▶ Task data
+++

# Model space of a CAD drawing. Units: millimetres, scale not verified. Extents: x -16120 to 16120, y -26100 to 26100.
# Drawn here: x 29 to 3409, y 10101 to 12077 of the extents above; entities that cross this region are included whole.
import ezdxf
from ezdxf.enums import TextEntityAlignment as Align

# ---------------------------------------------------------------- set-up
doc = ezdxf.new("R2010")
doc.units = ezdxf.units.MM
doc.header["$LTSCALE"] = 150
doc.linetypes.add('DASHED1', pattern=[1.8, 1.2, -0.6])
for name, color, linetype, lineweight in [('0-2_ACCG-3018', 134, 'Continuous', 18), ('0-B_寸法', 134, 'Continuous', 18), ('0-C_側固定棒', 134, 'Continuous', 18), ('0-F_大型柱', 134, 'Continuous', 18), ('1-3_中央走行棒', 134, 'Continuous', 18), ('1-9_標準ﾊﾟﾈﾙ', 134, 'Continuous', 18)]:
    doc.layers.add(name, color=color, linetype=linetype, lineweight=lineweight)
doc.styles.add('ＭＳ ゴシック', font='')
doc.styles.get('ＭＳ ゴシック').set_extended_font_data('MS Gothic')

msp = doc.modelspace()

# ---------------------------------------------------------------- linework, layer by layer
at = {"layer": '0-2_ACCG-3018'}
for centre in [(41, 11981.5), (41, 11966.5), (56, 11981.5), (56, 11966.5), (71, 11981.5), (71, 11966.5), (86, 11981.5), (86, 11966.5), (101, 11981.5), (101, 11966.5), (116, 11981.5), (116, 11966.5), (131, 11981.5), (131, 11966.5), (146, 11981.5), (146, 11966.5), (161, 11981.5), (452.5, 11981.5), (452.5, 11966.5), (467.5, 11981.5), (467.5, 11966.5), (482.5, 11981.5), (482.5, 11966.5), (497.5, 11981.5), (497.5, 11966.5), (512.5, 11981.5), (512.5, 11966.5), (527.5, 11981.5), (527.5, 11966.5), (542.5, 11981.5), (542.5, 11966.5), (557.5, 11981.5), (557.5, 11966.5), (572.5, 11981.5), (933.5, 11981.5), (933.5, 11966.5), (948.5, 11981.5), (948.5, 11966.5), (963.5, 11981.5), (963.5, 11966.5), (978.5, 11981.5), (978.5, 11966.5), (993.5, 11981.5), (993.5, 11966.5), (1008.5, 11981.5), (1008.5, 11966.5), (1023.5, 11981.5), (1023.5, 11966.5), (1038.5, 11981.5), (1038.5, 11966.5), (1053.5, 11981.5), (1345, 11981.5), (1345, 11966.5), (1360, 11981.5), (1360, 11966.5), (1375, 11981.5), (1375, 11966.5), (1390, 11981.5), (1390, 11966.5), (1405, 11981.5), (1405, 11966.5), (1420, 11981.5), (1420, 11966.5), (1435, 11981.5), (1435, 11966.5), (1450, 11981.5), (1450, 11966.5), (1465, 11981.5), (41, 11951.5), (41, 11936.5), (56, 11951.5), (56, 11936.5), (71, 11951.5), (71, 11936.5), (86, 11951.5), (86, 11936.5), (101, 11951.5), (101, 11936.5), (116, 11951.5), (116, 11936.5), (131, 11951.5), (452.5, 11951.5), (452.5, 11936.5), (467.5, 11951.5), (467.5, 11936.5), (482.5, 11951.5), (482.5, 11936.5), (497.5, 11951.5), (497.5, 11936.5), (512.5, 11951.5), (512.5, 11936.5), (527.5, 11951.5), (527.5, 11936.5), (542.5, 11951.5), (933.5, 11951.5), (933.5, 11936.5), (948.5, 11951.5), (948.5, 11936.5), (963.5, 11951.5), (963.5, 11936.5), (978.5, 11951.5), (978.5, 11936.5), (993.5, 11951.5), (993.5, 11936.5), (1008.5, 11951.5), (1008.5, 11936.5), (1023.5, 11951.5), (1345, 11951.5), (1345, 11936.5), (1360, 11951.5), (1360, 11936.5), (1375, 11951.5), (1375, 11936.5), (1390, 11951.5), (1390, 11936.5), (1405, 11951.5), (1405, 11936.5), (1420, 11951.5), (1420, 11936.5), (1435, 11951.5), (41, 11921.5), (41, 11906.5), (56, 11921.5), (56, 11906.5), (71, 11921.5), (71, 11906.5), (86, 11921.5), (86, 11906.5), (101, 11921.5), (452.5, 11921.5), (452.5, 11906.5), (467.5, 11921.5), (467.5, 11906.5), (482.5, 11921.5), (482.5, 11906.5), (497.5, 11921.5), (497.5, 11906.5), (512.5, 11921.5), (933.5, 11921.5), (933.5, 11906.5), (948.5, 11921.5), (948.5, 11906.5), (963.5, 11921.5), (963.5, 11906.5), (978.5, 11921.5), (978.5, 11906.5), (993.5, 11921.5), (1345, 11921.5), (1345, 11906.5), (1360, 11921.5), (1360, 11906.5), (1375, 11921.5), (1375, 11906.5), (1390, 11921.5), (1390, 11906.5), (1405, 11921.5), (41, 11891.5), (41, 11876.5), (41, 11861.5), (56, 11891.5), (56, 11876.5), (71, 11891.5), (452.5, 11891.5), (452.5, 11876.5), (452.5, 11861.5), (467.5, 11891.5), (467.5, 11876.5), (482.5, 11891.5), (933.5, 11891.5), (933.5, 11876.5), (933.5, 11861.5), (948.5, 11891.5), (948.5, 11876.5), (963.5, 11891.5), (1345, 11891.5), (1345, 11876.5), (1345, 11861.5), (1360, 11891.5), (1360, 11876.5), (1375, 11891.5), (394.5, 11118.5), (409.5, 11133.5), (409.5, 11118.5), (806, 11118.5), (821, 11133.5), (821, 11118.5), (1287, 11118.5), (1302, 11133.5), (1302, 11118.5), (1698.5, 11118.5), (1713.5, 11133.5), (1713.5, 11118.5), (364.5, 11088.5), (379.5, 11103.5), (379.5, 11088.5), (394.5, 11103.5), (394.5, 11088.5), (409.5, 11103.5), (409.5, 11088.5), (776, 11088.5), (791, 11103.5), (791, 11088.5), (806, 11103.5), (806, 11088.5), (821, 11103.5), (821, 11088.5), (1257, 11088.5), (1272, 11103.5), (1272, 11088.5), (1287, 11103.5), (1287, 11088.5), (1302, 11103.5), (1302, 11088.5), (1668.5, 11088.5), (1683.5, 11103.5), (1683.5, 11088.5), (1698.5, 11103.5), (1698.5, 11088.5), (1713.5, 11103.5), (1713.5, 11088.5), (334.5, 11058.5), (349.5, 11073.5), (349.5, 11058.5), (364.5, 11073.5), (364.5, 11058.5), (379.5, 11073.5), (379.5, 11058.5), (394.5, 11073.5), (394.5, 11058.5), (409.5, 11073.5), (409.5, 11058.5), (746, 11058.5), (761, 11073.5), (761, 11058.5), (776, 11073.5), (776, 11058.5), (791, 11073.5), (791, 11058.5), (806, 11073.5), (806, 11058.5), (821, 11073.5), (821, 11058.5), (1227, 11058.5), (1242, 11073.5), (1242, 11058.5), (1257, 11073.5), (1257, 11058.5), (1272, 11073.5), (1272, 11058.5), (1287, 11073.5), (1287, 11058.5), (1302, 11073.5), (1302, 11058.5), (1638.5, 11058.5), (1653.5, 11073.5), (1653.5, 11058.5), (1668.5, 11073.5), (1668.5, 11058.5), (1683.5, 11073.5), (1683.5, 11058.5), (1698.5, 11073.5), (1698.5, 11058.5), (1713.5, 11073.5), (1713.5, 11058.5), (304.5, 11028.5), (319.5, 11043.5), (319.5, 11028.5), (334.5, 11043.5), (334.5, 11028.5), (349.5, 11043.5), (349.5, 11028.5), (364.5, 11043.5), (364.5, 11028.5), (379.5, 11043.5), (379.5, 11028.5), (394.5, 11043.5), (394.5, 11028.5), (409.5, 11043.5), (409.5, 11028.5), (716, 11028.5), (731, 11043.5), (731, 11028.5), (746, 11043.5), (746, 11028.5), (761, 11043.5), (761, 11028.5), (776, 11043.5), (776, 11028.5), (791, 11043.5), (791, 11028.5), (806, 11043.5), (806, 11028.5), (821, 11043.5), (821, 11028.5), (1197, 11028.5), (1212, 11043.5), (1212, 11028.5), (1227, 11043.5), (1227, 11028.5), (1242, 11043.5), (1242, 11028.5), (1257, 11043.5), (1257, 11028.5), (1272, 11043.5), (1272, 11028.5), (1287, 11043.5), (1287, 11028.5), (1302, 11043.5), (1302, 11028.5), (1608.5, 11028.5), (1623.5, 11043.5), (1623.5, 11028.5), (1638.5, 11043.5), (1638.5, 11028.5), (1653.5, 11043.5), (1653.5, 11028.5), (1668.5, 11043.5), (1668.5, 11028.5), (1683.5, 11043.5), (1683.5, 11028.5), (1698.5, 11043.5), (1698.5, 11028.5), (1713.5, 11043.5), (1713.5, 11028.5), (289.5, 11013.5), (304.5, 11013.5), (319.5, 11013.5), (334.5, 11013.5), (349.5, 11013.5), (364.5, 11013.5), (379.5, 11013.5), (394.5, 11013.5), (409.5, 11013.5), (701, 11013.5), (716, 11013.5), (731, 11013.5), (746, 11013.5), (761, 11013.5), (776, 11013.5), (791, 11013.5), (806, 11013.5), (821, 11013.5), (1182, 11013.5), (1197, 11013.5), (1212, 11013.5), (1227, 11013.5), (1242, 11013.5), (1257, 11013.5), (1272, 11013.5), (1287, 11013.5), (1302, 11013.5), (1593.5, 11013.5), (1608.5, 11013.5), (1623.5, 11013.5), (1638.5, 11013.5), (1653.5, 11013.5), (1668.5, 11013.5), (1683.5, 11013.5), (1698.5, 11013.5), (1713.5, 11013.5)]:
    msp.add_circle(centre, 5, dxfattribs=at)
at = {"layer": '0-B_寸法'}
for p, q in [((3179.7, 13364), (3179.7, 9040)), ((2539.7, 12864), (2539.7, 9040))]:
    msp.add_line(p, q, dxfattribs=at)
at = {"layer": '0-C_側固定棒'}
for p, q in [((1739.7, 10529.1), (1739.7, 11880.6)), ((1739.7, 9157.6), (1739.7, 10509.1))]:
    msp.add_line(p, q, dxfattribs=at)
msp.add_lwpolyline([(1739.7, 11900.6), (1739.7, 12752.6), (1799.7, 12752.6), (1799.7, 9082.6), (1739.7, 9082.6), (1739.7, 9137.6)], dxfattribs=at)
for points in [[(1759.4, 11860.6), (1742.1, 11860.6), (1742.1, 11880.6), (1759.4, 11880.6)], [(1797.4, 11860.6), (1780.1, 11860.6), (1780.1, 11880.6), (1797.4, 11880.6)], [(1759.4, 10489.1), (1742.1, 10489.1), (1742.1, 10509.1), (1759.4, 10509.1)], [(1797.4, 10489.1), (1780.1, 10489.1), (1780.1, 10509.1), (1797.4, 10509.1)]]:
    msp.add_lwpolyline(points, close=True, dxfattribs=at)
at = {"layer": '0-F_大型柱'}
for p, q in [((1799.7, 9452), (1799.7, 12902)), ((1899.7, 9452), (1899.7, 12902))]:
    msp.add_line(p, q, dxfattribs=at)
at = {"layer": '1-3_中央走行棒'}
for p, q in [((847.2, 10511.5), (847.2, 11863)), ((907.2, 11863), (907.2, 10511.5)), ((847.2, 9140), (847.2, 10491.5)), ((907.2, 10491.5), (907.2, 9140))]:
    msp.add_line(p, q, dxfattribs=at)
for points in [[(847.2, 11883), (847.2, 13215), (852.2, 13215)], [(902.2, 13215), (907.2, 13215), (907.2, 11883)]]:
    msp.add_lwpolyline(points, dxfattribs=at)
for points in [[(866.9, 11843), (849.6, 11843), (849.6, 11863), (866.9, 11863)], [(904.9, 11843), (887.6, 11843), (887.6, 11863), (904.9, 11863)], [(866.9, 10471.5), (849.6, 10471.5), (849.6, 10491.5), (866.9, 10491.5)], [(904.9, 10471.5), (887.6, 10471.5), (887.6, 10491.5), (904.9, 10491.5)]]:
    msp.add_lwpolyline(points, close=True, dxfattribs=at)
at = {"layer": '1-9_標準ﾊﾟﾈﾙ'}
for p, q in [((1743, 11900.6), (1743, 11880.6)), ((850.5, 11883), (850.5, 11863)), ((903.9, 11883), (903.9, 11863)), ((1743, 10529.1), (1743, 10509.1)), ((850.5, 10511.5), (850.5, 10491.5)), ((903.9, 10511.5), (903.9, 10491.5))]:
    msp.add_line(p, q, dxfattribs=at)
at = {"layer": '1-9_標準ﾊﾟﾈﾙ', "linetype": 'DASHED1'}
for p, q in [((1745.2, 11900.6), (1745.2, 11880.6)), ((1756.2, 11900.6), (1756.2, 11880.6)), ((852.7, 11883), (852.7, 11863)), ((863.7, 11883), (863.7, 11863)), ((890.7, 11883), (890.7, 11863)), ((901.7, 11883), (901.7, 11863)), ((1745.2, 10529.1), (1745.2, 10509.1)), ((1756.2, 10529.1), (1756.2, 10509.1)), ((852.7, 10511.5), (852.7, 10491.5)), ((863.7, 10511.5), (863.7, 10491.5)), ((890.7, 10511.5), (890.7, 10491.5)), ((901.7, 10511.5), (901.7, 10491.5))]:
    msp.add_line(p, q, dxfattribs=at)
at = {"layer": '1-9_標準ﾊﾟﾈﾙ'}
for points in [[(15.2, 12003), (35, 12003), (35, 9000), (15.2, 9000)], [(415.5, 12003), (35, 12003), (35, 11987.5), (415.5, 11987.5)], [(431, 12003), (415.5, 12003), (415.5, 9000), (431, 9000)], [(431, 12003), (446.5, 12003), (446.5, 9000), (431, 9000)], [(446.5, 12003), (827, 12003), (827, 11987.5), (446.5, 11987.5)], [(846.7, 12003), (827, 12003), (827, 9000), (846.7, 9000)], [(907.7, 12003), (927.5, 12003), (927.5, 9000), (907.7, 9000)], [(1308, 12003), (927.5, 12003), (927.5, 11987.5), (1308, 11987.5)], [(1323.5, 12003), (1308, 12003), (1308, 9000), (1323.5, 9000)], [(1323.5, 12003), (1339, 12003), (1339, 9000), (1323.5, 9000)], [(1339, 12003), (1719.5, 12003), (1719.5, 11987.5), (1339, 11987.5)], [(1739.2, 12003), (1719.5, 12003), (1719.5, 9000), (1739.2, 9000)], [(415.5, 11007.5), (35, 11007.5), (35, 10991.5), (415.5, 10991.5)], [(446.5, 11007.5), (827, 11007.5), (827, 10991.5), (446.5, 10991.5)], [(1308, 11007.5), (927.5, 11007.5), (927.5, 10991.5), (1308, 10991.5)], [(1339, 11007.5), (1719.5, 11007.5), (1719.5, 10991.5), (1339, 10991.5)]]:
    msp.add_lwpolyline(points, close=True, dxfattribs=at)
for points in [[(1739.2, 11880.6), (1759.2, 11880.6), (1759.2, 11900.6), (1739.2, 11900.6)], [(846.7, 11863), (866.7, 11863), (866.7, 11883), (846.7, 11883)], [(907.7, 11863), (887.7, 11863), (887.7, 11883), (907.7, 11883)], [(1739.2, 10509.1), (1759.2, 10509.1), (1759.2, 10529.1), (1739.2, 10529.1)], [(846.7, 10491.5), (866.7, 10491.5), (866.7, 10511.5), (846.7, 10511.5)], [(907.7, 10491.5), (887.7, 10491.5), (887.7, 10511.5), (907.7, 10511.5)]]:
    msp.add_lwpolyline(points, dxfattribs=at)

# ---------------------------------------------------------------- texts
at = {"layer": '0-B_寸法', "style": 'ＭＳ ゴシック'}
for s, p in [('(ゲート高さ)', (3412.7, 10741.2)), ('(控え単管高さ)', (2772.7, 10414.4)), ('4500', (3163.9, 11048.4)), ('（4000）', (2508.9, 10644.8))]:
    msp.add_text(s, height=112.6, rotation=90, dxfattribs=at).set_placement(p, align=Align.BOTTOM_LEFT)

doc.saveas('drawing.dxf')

+++

▶ The problem
Within the data, tally each line containing the string "import". Answer with the number by itself.

▶ Answer section
2